▶ _EXERCISE_
Lines with the word "mechanical" in them are the ones to copy from the records.

** DATA EXCERPTS follows **

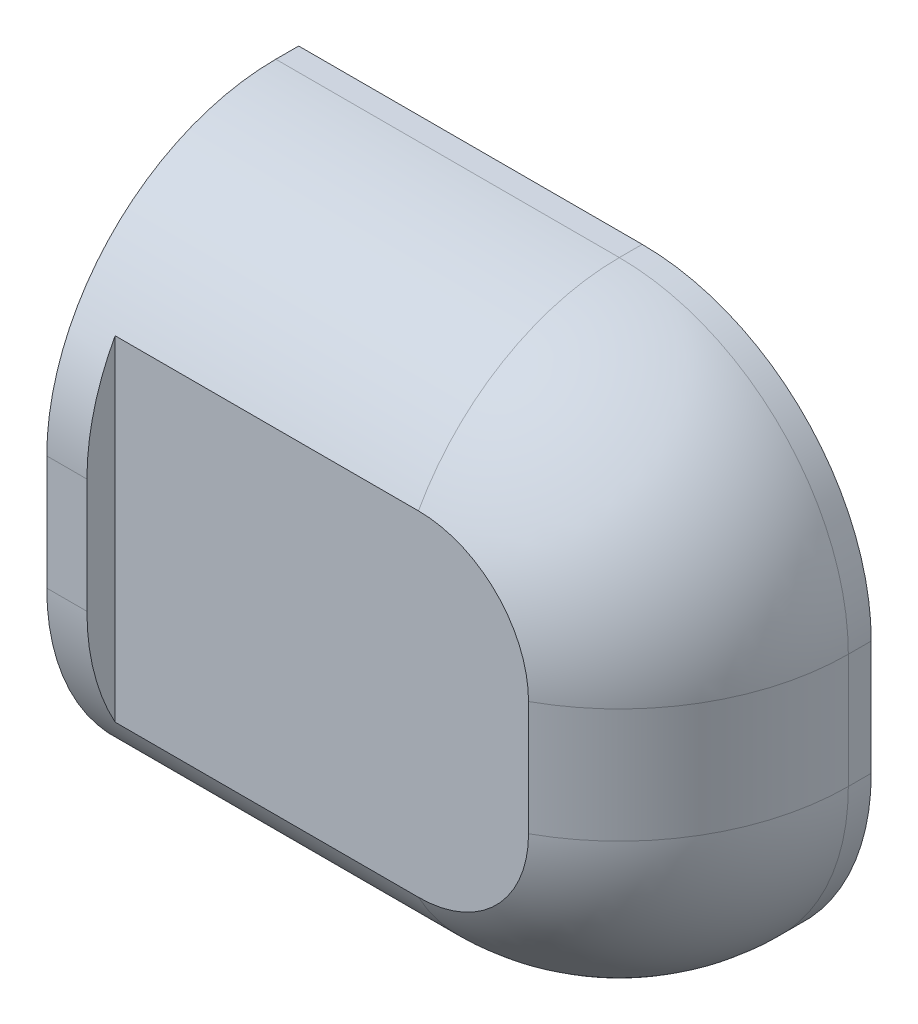
ISO-10303-21;
HEADER;
FILE_DESCRIPTION(('STEP AP214'),'2;1');
FILE_NAME('part.step','',(''),(''),'','','');
FILE_SCHEMA(('AUTOMOTIVE_DESIGN { 1 0 10303 214 1 1 1 1 }'));
ENDSEC;
DATA;
#1=APPLICATION_CONTEXT('core data for automotive mechanical design processes');
#2=APPLICATION_PROTOCOL_DEFINITION('international standard','automotive_design',2000,#1);
#3=PRODUCT_CONTEXT('',#1,'mechanical');
#4=PRODUCT('Part','Part','',(#3));
#5=PRODUCT_RELATED_PRODUCT_CATEGORY('part','',(#4));
#6=PRODUCT_DEFINITION_FORMATION('','',#4);
#7=PRODUCT_DEFINITION_CONTEXT('part definition',#1,'design');
#8=PRODUCT_DEFINITION('design','',#6,#7);
#9=PRODUCT_DEFINITION_SHAPE('','',#8);
#10=(LENGTH_UNIT() NAMED_UNIT(*) SI_UNIT(.MILLI.,.METRE.));
#11=(NAMED_UNIT(*) PLANE_ANGLE_UNIT() SI_UNIT($,.RADIAN.));
#12=(NAMED_UNIT(*) SI_UNIT($,.STERADIAN.) SOLID_ANGLE_UNIT());
#13=UNCERTAINTY_MEASURE_WITH_UNIT(LENGTH_MEASURE(1.E-05),#10,'distance_accuracy_value','');
#14=(GEOMETRIC_REPRESENTATION_CONTEXT(3) GLOBAL_UNCERTAINTY_ASSIGNED_CONTEXT((#13)) GLOBAL_UNIT_ASSIGNED_CONTEXT((#10,
#11,#12)) REPRESENTATION_CONTEXT('',''));
#15=CARTESIAN_POINT('',(0.,0.,0.));
#16=DIRECTION('',(0.,0.,1.));
#17=DIRECTION('',(1.,0.,0.));
#18=AXIS2_PLACEMENT_3D('',#15,#16,#17);
#19=CARTESIAN_POINT('',(-4.6341495500487,-3.74999995824045,6.41708997864135));
#20=DIRECTION('',(1.,0.,0.));
#21=DIRECTION('',(0.,0.,-1.));
#22=AXIS2_PLACEMENT_3D('',#19,#20,#21);
#23=PLANE('',#22);
#24=DIRECTION('',(0.,0.,-1.));
#25=VECTOR('',#24,1.);
#26=CARTESIAN_POINT('',(-4.6341495500487,-3.74999995824045,6.41708997864135));
#27=LINE('',#26,#25);
#28=CARTESIAN_POINT('',(-4.6341495500487,-3.74999995824045,3.41708997864135));
#29=VERTEX_POINT('',#28);
#30=CARTESIAN_POINT('',(-4.6341495500487,-3.74999995824045,3.11708997864135));
#31=VERTEX_POINT('',#30);
#32=EDGE_CURVE('E106',#29,#31,#27,.T.);
#33=ORIENTED_EDGE('',*,*,#32,.F.);
#34=CARTESIAN_POINT('',(-4.6341495500487,-0.749999958240449,3.41708997864135));
#35=DIRECTION('',(1.,0.,0.));
#36=DIRECTION('',(0.,0.,-1.));
#37=AXIS2_PLACEMENT_3D('',#34,#35,#36);
#38=CIRCLE('',#37,3.);
#39=CARTESIAN_POINT('',(-4.6341495500487,-0.749999958240449,6.41708997864135));
#40=VERTEX_POINT('',#39);
#41=EDGE_CURVE('E12',#29,#40,#38,.F.);
#42=ORIENTED_EDGE('',*,*,#41,.T.);
#43=DIRECTION('',(0.,-1.,0.));
#44=VECTOR('',#43,1.);
#45=CARTESIAN_POINT('',(-4.6341495500487,-3.74999995824045,6.41708997864135));
#46=LINE('',#45,#44);
#47=CARTESIAN_POINT('',(-4.6341495500487,0.750000041759552,6.41708997864135));
#48=VERTEX_POINT('',#47);
#49=EDGE_CURVE('E139',#48,#40,#46,.T.);
#50=ORIENTED_EDGE('',*,*,#49,.F.);
#51=CARTESIAN_POINT('',(-4.6341495500487,0.750000041759552,3.41708997864135));
#52=DIRECTION('',(1.,0.,0.));
#53=DIRECTION('',(0.,0.,-1.));
#54=AXIS2_PLACEMENT_3D('',#51,#52,#53);
#55=CIRCLE('',#54,3.);
#56=CARTESIAN_POINT('',(-4.6341495500487,3.75000004175955,3.41708997864135));
#57=VERTEX_POINT('',#56);
#58=EDGE_CURVE('E211',#48,#57,#55,.F.);
#59=ORIENTED_EDGE('',*,*,#58,.T.);
#60=DIRECTION('',(0.,0.,-1.));
#61=VECTOR('',#60,1.);
#62=CARTESIAN_POINT('',(-4.6341495500487,3.75000004175955,6.41708997864135));
#63=LINE('',#62,#61);
#64=CARTESIAN_POINT('',(-4.6341495500487,3.75000004175955,3.11708997864135));
#65=VERTEX_POINT('',#64);
#66=EDGE_CURVE('E116',#57,#65,#63,.T.);
#67=ORIENTED_EDGE('',*,*,#66,.T.);
#68=DIRECTION('',(0.,-1.,0.));
#69=VECTOR('',#68,1.);
#70=CARTESIAN_POINT('',(-4.6341495500487,-3.74999995824045,3.11708997864135));
#71=LINE('',#70,#69);
#72=EDGE_CURVE('E123',#65,#31,#71,.T.);
#73=ORIENTED_EDGE('',*,*,#72,.T.);
#74=EDGE_LOOP('',(#33,#42,#50,#59,#67,#73));
#75=FACE_BOUND('',#74,.T.);
#76=ADVANCED_FACE('F20',(#75),#23,.F.);
#77=CARTESIAN_POINT('',(2.8658504499513,-3.74999995824045,6.41708997864135));
#78=DIRECTION('',(0.,1.,0.));
#79=DIRECTION('',(-1.,0.,0.));
#80=AXIS2_PLACEMENT_3D('',#77,#78,#79);
#81=PLANE('',#80);
#82=DIRECTION('',(1.,0.,0.));
#83=VECTOR('',#82,1.);
#84=CARTESIAN_POINT('',(2.8658504499513,-3.74999995824045,3.11708997864135));
#85=LINE('',#84,#83);
#86=CARTESIAN_POINT('',(-0.134149550048701,-3.74999995824045,3.11708997864135));
#87=VERTEX_POINT('',#86);
#88=EDGE_CURVE('E109',#31,#87,#85,.T.);
#89=ORIENTED_EDGE('',*,*,#88,.T.);
#90=DIRECTION('',(0.,0.,-1.));
#91=VECTOR('',#90,1.);
#92=CARTESIAN_POINT('',(-0.134149550048701,-3.74999995824045,6.41708997864135));
#93=LINE('',#92,#91);
#94=CARTESIAN_POINT('',(-0.134149550048702,-3.74999995824045,3.41708997864135));
#95=VERTEX_POINT('',#94);
#96=EDGE_CURVE('E181',#87,#95,#93,.F.);
#97=ORIENTED_EDGE('',*,*,#96,.T.);
#98=DIRECTION('',(1.,0.,0.));
#99=VECTOR('',#98,1.);
#100=CARTESIAN_POINT('',(-4.6341495500487,-3.74999995824045,3.41708997864135));
#101=LINE('',#100,#99);
#102=EDGE_CURVE('E112',#95,#29,#101,.F.);
#103=ORIENTED_EDGE('',*,*,#102,.T.);
#104=ORIENTED_EDGE('',*,*,#32,.T.);
#105=EDGE_LOOP('',(#89,#97,#103,#104));
#106=FACE_BOUND('',#105,.T.);
#107=ADVANCED_FACE('F108',(#106),#81,.F.);
#108=CARTESIAN_POINT('',(2.8658504499513,-3.74999995824045,6.41708997864135));
#109=DIRECTION('',(-1.,0.,0.));
#110=DIRECTION('',(0.,0.,1.));
#111=AXIS2_PLACEMENT_3D('',#108,#109,#110);
#112=PLANE('',#111);
#113=DIRECTION('',(0.,1.,0.));
#114=VECTOR('',#113,1.);
#115=CARTESIAN_POINT('',(2.8658504499513,-3.74999995824045,3.41708997864135));
#116=LINE('',#115,#114);
#117=CARTESIAN_POINT('',(2.8658504499513,0.750000041759552,3.41708997864135));
#118=VERTEX_POINT('',#117);
#119=CARTESIAN_POINT('',(2.8658504499513,-0.749999958240448,3.41708997864135));
#120=VERTEX_POINT('',#119);
#121=EDGE_CURVE('E236',#118,#120,#116,.F.);
#122=ORIENTED_EDGE('',*,*,#121,.T.);
#123=DIRECTION('',(0.,0.,-1.));
#124=VECTOR('',#123,1.);
#125=CARTESIAN_POINT('',(2.8658504499513,-0.749999958240448,6.41708997864135));
#126=LINE('',#125,#124);
#127=CARTESIAN_POINT('',(2.8658504499513,-0.749999958240448,3.11708997864135));
#128=VERTEX_POINT('',#127);
#129=EDGE_CURVE('E172',#120,#128,#126,.T.);
#130=ORIENTED_EDGE('',*,*,#129,.T.);
#131=DIRECTION('',(0.,1.,0.));
#132=VECTOR('',#131,1.);
#133=CARTESIAN_POINT('',(2.8658504499513,-3.74999995824045,3.11708997864135));
#134=LINE('',#133,#132);
#135=CARTESIAN_POINT('',(2.8658504499513,0.750000041759552,3.11708997864135));
#136=VERTEX_POINT('',#135);
#137=EDGE_CURVE('E126',#128,#136,#134,.T.);
#138=ORIENTED_EDGE('',*,*,#137,.T.);
#139=DIRECTION('',(0.,0.,-1.));
#140=VECTOR('',#139,1.);
#141=CARTESIAN_POINT('',(2.8658504499513,0.750000041759552,6.41708997864135));
#142=LINE('',#141,#140);
#143=EDGE_CURVE('E249',#136,#118,#142,.F.);
#144=ORIENTED_EDGE('',*,*,#143,.T.);
#145=EDGE_LOOP('',(#122,#130,#138,#144));
#146=FACE_BOUND('',#145,.T.);
#147=ADVANCED_FACE('F270',(#146),#112,.F.);
#148=CARTESIAN_POINT('',(2.8658504499513,3.75000004175956,6.41708997864135));
#149=DIRECTION('',(0.,-1.,0.));
#150=DIRECTION('',(1.,0.,0.));
#151=AXIS2_PLACEMENT_3D('',#148,#149,#150);
#152=PLANE('',#151);
#153=DIRECTION('',(-1.,0.,0.));
#154=VECTOR('',#153,1.);
#155=CARTESIAN_POINT('',(-0.134149550048702,3.75000004175956,3.41708997864135));
#156=LINE('',#155,#154);
#157=CARTESIAN_POINT('',(-0.134149550048702,3.75000004175956,3.41708997864135));
#158=VERTEX_POINT('',#157);
#159=EDGE_CURVE('E224',#57,#158,#156,.F.);
#160=ORIENTED_EDGE('',*,*,#159,.T.);
#161=DIRECTION('',(0.,0.,-1.));
#162=VECTOR('',#161,1.);
#163=CARTESIAN_POINT('',(-0.134149550048702,3.75000004175956,6.41708997864135));
#164=LINE('',#163,#162);
#165=CARTESIAN_POINT('',(-0.134149550048702,3.75000004175956,3.11708997864135));
#166=VERTEX_POINT('',#165);
#167=EDGE_CURVE('E242',#158,#166,#164,.T.);
#168=ORIENTED_EDGE('',*,*,#167,.T.);
#169=DIRECTION('',(-1.,0.,0.));
#170=VECTOR('',#169,1.);
#171=CARTESIAN_POINT('',(2.8658504499513,3.75000004175956,3.11708997864135));
#172=LINE('',#171,#170);
#173=EDGE_CURVE('E228',#166,#65,#172,.T.);
#174=ORIENTED_EDGE('',*,*,#173,.T.);
#175=ORIENTED_EDGE('',*,*,#66,.F.);
#176=EDGE_LOOP('',(#160,#168,#174,#175));
#177=FACE_BOUND('',#176,.T.);
#178=ADVANCED_FACE('F226',(#177),#152,.F.);
#179=CARTESIAN_POINT('',(-0.884149550048702,4.17595509439612E-08,6.41708997864135));
#180=DIRECTION('',(0.,0.,1.));
#181=DIRECTION('',(1.,0.,0.));
#182=AXIS2_PLACEMENT_3D('',#179,#180,#181);
#183=PLANE('',#182);
#184=ORIENTED_EDGE('',*,*,#49,.T.);
#185=DIRECTION('',(1.,0.,0.));
#186=VECTOR('',#185,1.);
#187=CARTESIAN_POINT('',(-0.134149550048702,-0.749999958240448,6.41708997864135));
#188=LINE('',#187,#186);
#189=CARTESIAN_POINT('',(-4.10797910321468,-0.749999958240449,6.41708997864135));
#190=VERTEX_POINT('',#189);
#191=EDGE_CURVE('E43',#40,#190,#188,.T.);
#192=ORIENTED_EDGE('',*,*,#191,.T.);
#193=DIRECTION('',(0.,-1.,0.));
#194=VECTOR('',#193,1.);
#195=CARTESIAN_POINT('',(-4.10797910321468,-3.33384149912576,6.41708997864135));
#196=LINE('',#195,#194);
#197=CARTESIAN_POINT('',(-4.10797910321468,0.750000041759552,6.41708997864135));
#198=VERTEX_POINT('',#197);
#199=EDGE_CURVE('E136',#198,#190,#196,.T.);
#200=ORIENTED_EDGE('',*,*,#199,.F.);
#201=DIRECTION('',(-1.,0.,0.));
#202=VECTOR('',#201,1.);
#203=CARTESIAN_POINT('',(-4.6341495500487,0.750000041759552,6.41708997864135));
#204=LINE('',#203,#202);
#205=EDGE_CURVE('E206',#198,#48,#204,.T.);
#206=ORIENTED_EDGE('',*,*,#205,.T.);
#207=EDGE_LOOP('',(#184,#192,#200,#206));
#208=FACE_BOUND('',#207,.T.);
#209=ADVANCED_FACE('F220',(#208),#183,.T.);
#210=CARTESIAN_POINT('',(-0.884149550048702,4.17595509439612E-08,3.11708997864135));
#211=DIRECTION('',(0.,0.,1.));
#212=DIRECTION('',(1.,0.,0.));
#213=AXIS2_PLACEMENT_3D('',#210,#211,#212);
#214=PLANE('',#213);
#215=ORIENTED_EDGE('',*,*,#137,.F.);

** End of DATA EXCERPTS **

▶ _TASK RESPONSE_
#1=APPLICATION_CONTEXT('core data for automotive mechanical design processes');
#3=PRODUCT_CONTEXT('',#1,'mechanical');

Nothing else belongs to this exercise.